::: Information shown :::

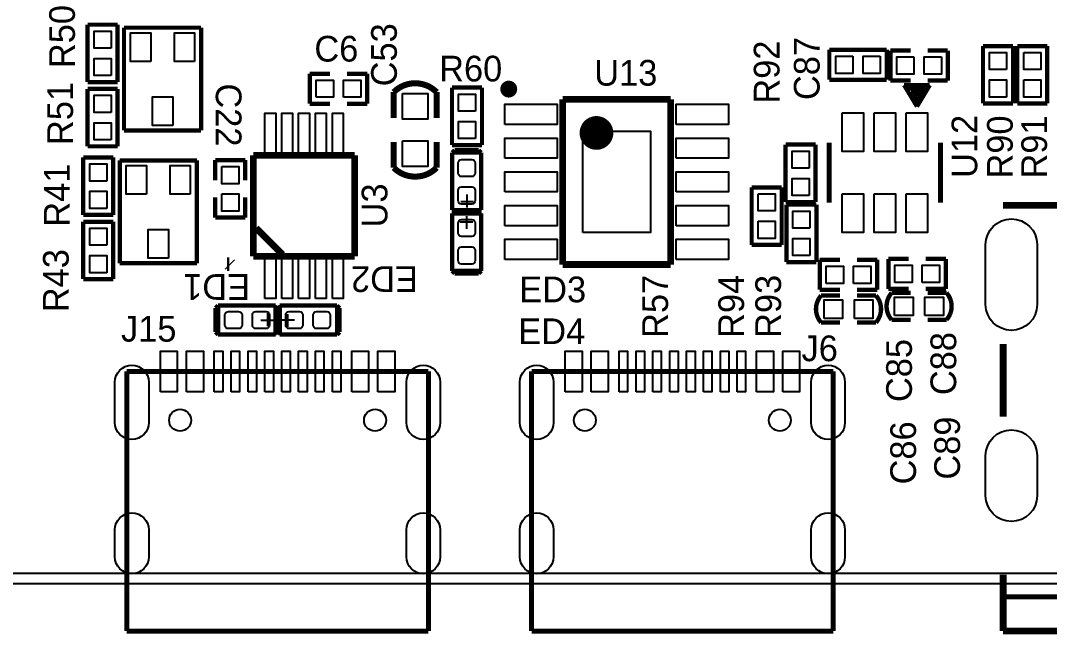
# Model space of a CAD drawing. Extents: x -68.5 to 22.8, y 26 to 103.8.
# Drawn here: x -40.15 to -9.65, y 27.22 to 45.42 of the extents above; entities that cross this region are included whole.
import ezdxf
from ezdxf.enums import TextEntityAlignment as Align

# ---------------------------------------------------------------- set-up
doc = ezdxf.new("R2010")
doc.units = 0
for name, color, linetype in [('BG_OUTLINE', 2, 'CONTINUOUS'), ('PG_SILKSCREEN_TOP', 7, 'CONTINUOUS'), ('PIN_TOP', 84, 'CONTINUOUS'), ('RD_SILKSCREEN_TOP', 7, 'CONTINUOUS'), ('RKI_ALL', 1, 'CONTINUOUS')]:
    doc.layers.add(name, color=color, linetype=linetype)

msp = doc.modelspace()

# ---------------------------------------------------------------- linework, layer by layer
at = {"layer": 'BG_OUTLINE'}
msp.add_lwpolyline([(-66.983102, 103.72598), (16.016986, 103.72598, -0.414199), (17.016984, 102.725982), (17.016984, 29.726128, -0.414243), (16.016986, 28.725876), (-41.66616, 28.725876)], format="xyb", dxfattribs=at)
at = {"layer": 'PG_SILKSCREEN_TOP'}
for points, const_width in [([(-38.1635, 45.3009), (-37.2745, 45.3009)], 0.127), ([(-38.1635, 43.5991), (-38.1635, 45.3009)], 0.127), ([(-37.2745, 45.3009), (-37.2745, 43.5991)], 0.127), ([(-34.798, 45.212), (-37.084, 45.212)], 0.127), ([(-37.084, 45.212), (-37.084, 42.164)], 0.127), ([(-34.798, 42.164), (-34.798, 45.212)], 0.127), ([(-16.176498, 43.66641), (-16.176498, 44.55541)], 0.127), ([(-16.176498, 44.55541), (-14.474698, 44.55541)], 0.127), ([(-14.474698, 44.55541), (-14.474698, 43.66641)], 0.127), ([(-14.366494, 43.643804), (-14.366494, 44.532804)], 0.127), ([(-14.366494, 44.532804), (-13.769594, 44.532804)], 0.127), ([(-13.265404, 44.532804), (-12.664694, 44.532804)], 0.127), ([(-12.664694, 44.532804), (-12.664694, 43.643804)], 0.127), ([(-11.6205, 44.6659), (-10.7315, 44.6659)], 0.127), ([(-11.6205, 42.9641), (-11.6205, 44.6659)], 0.127), ([(-10.7315, 44.6659), (-10.7315, 42.9641)], 0.127), ([(-10.6045, 42.9641), (-10.6045, 44.6659)], 0.127), ([(-10.6045, 44.6659), (-9.7155, 44.6659)], 0.127), ([(-9.7155, 44.6659), (-9.7155, 42.9641)], 0.127), ([(-37.2745, 43.5991), (-38.1635, 43.5991)], 0.127), ([(-31.57728, 42.95648), (-31.57728, 43.84548)], 0.127), ([(-31.57728, 43.84548), (-30.98038, 43.84548)], 0.127), ([(-30.47238, 43.84548), (-29.87548, 43.84548)], 0.127), ([(-29.87548, 43.84548), (-29.87548, 42.95648)], 0.127), ([(-14.474698, 43.66641), (-16.176498, 43.66641)], 0.127), ([(-13.769594, 43.643804), (-14.366494, 43.643804)], 0.127), ([(-12.664694, 43.643804), (-13.261594, 43.643804)], 0.127), ([(-38.1635, 43.3959), (-37.2745, 43.3959)], 0.127), ([(-38.1635, 41.6941), (-38.1635, 43.3959)], 0.127), ([(-37.2745, 43.3959), (-37.2745, 41.6941)], 0.127), ([(-29.08808, 43.300142), (-29.08808, 42.538142)], 0.180086), ([(-27.81808, 43.300142), (-27.81808, 42.538142)], 0.180086), ([(-27.36088, 43.434), (-26.47188, 43.434)], 0.127), ([(-27.36088, 41.7322), (-27.36088, 43.434)], 0.127), ([(-26.47188, 43.434), (-26.47188, 41.7322)], 0.127), ([(-13.960094, 43.509184), (-13.198094, 43.509184)], 0.127), ([(-13.579094, 42.874184), (-13.960094, 43.509184)], 0.127), ([(-13.960094, 43.509184), (-13.833094, 43.509184)], 0.127), ([(-13.833094, 43.509184), (-13.833094, 43.407584)], 0.127), ([(-13.833094, 43.407584), (-13.325094, 43.407584)], 0.127), ([(-13.375894, 43.305984), (-13.756894, 43.305984)], 0.127), ([(-13.756894, 43.305984), (-13.706094, 43.229784)], 0.127), ([(-13.198094, 43.509184), (-13.579094, 42.874184)], 0.127), ([(-13.325094, 43.407584), (-13.375894, 43.305984)], 0.127), ([(-30.97657, 42.95648), (-31.57728, 42.95648)], 0.127), ([(-29.87548, 42.95648), (-30.47238, 42.95648)], 0.127), ([(-24.078946, 43.090084), (-20.879054, 43.090084)], 0.199898), ([(-24.078946, 38.189916), (-24.078946, 43.090084)], 0.199898), ([(-20.879054, 43.090084), (-20.879054, 38.189916)], 0.199898), ([(-13.706094, 43.229784), (-13.426694, 43.229784)], 0.127), ([(-13.579094, 43.001184), (-13.680694, 43.153584)], 0.127), ([(-13.680694, 43.153584), (-13.553694, 43.153584)], 0.127), ([(-13.426694, 43.229784), (-13.579094, 43.001184)], 0.127), ([(-10.7315, 42.9641), (-11.6205, 42.9641)], 0.127), ([(-9.7155, 42.9641), (-10.6045, 42.9641)], 0.127), ([(-37.084, 42.164), (-34.798, 42.164)], 0.127), ([(-29.08808, 41.058338), (-29.08808, 41.820338)], 0.180086), ([(-27.81808, 41.058338), (-27.81808, 41.820338)], 0.180086), ([(-26.47188, 41.7322), (-27.36088, 41.7322)], 0.127), ([(-17.471898, 41.7449), (-16.582898, 41.7449)], 0.127), ([(-17.471898, 40.0431), (-17.471898, 41.7449)], 0.127), ([(-16.582898, 41.7449), (-16.582898, 40.0431)], 0.127), ([(-16.182594, 40.024304), (-16.182594, 41.802304)], 0.1524), ([(-12.880594, 41.167304), (-12.880594, 41.802304)], 0.1524), ([(-37.2745, 41.6941), (-38.1635, 41.6941)], 0.127), ([(-30.247336, 41.428924), (-33.247584, 41.428924)], 0.199898), ([(-33.247584, 41.428924), (-33.247584, 38.428676)], 0.199898), ([(-30.247336, 38.428676), (-30.247336, 41.428924)], 0.199898), ([(-27.35834, 41.506902), (-27.28214, 41.583102)], 0.127), ([(-27.35834, 39.805102), (-27.35834, 41.506902)], 0.127), ([(-27.35834, 41.506902), (-26.49474, 41.506902)], 0.127), ([(-27.28214, 41.583102), (-26.57094, 41.583102)], 0.127), ([(-26.57094, 41.583102), (-26.49474, 41.506902)], 0.127), ([(-26.49474, 41.506902), (-26.49474, 39.805102)], 0.127), ([(-38.2905, 41.3639), (-37.4015, 41.3639)], 0.127), ([(-38.2905, 39.6621), (-38.2905, 41.3639)], 0.127), ([(-37.4015, 41.3639), (-37.4015, 39.6621)], 0.127), ([(-34.925, 41.275), (-37.211, 41.275)], 0.127), ([(-37.211, 41.275), (-37.211, 38.227)], 0.127), ([(-34.925, 38.227), (-34.925, 41.275)], 0.127), ([(-34.3789, 40.68445), (-34.3789, 41.28516)], 0.127), ([(-34.3789, 41.28516), (-33.4899, 41.28516)], 0.127), ([(-33.4899, 41.28516), (-33.4899, 40.68826)], 0.127), ([(-12.880594, 40.659304), (-12.880594, 41.167304)], 0.1524), ([(-12.880594, 40.024304), (-12.880594, 40.659304)], 0.1524), ([(-18.4785, 38.7731), (-18.4785, 40.4749)], 0.127), ([(-18.4785, 40.4749), (-17.5895, 40.4749)], 0.127), ([(-17.5895, 40.4749), (-17.5895, 38.7731)], 0.127), ([(-34.3789, 39.58336), (-34.3789, 40.18026)], 0.127), ([(-33.4899, 40.18026), (-33.4899, 39.58336)], 0.127), ([(-16.582898, 40.0431), (-17.471898, 40.0431)], 0.127), ([(-17.449038, 39.96436), (-16.560038, 39.96436)], 0.127), ([(-17.449038, 38.26256), (-17.449038, 39.96436)], 0.127), ([(-16.560038, 39.96436), (-16.560038, 38.26256)], 0.127), ([(-11.0236, 39.947596), (-8.7376, 39.947596)], 0.199898), ([(-37.4015, 39.6621), (-38.2905, 39.6621)], 0.127), ([(-26.49474, 39.805102), (-27.35834, 39.805102)], 0.127), ([(-27.35834, 38.001702), (-27.35834, 39.703502)], 0.127), ([(-27.35834, 39.703502), (-26.49474, 39.703502)], 0.127), ([(-26.49474, 39.703502), (-26.49474, 38.001702)], 0.127), ([(-38.2905, 39.4589), (-37.4015, 39.4589)], 0.127), ([(-38.2905, 37.7571), (-38.2905, 39.4589)], 0.127), ([(-37.4015, 39.4589), (-37.4015, 37.7571)], 0.127), ([(-33.4899, 39.58336), (-34.3789, 39.58336)], 0.127), ([(-33.16986, 39.2938), (-33.16986, 39.2684)], 0.199898), ([(-33.16986, 39.2684), (-32.38246, 38.481)], 0.199898), ([(-17.5895, 38.7731), (-18.4785, 38.7731)], 0.127), ([(-33.247584, 38.428676), (-30.247336, 38.428676)], 0.199898), ([(-37.211, 38.227), (-34.925, 38.227)], 0.127), ([(-34.03346, 38.2016), (-33.95726, 38.2016)], 0.40005), ([(-33.95726, 38.2016), (-33.93186, 38.1762)], 0.40005), ([(-20.879054, 38.189916), (-24.078946, 38.189916)], 0.199898), ([(-16.560038, 38.26256), (-17.449038, 38.26256)], 0.127), ([(-16.458438, 37.441124), (-16.458438, 38.330124)], 0.127), ([(-16.458438, 38.330124), (-15.861538, 38.330124)], 0.127), ([(-15.353538, 38.330124), (-14.756638, 38.330124)], 0.127), ([(-14.756638, 38.330124), (-14.756638, 37.441124)], 0.127), ([(-14.423898, 37.46881), (-14.423898, 38.35781)], 0.127), ([(-14.423898, 38.35781), (-13.826998, 38.35781)], 0.127), ([(-13.318998, 38.35781), (-12.722098, 38.35781)], 0.127), ([(-12.722098, 38.35781), (-12.722098, 37.46881)], 0.127), ([(-37.4015, 37.7571), (-38.2905, 37.7571)], 0.127), ([(-26.49474, 38.001702), (-27.35834, 38.001702)], 0.127), ([(-27.28214, 37.925502), (-27.35834, 38.001702)], 0.127), ([(-26.57094, 37.925502), (-27.28214, 37.925502)], 0.127), ([(-26.49474, 38.001702), (-26.57094, 37.925502)], 0.127), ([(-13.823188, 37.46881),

:::

> _What you have to do_
Scan the data above for the word "color". Copy every line in which it is found.

> _Solution for this exercise_
for name, color, linetype in [('BG_OUTLINE', 2, 'CONTINUOUS'), ('PG_SILKSCREEN_TOP', 7, 'CONTINUOUS'), ('PIN_TOP', 84, 'CONTINUOUS'), ('RD_SILKSCREEN_TOP', 7, 'CONTINUOUS'), ('RKI_ALL', 1, 'CONTINUOUS')]:
    doc.layers.add(name, color=color, linetype=linetype)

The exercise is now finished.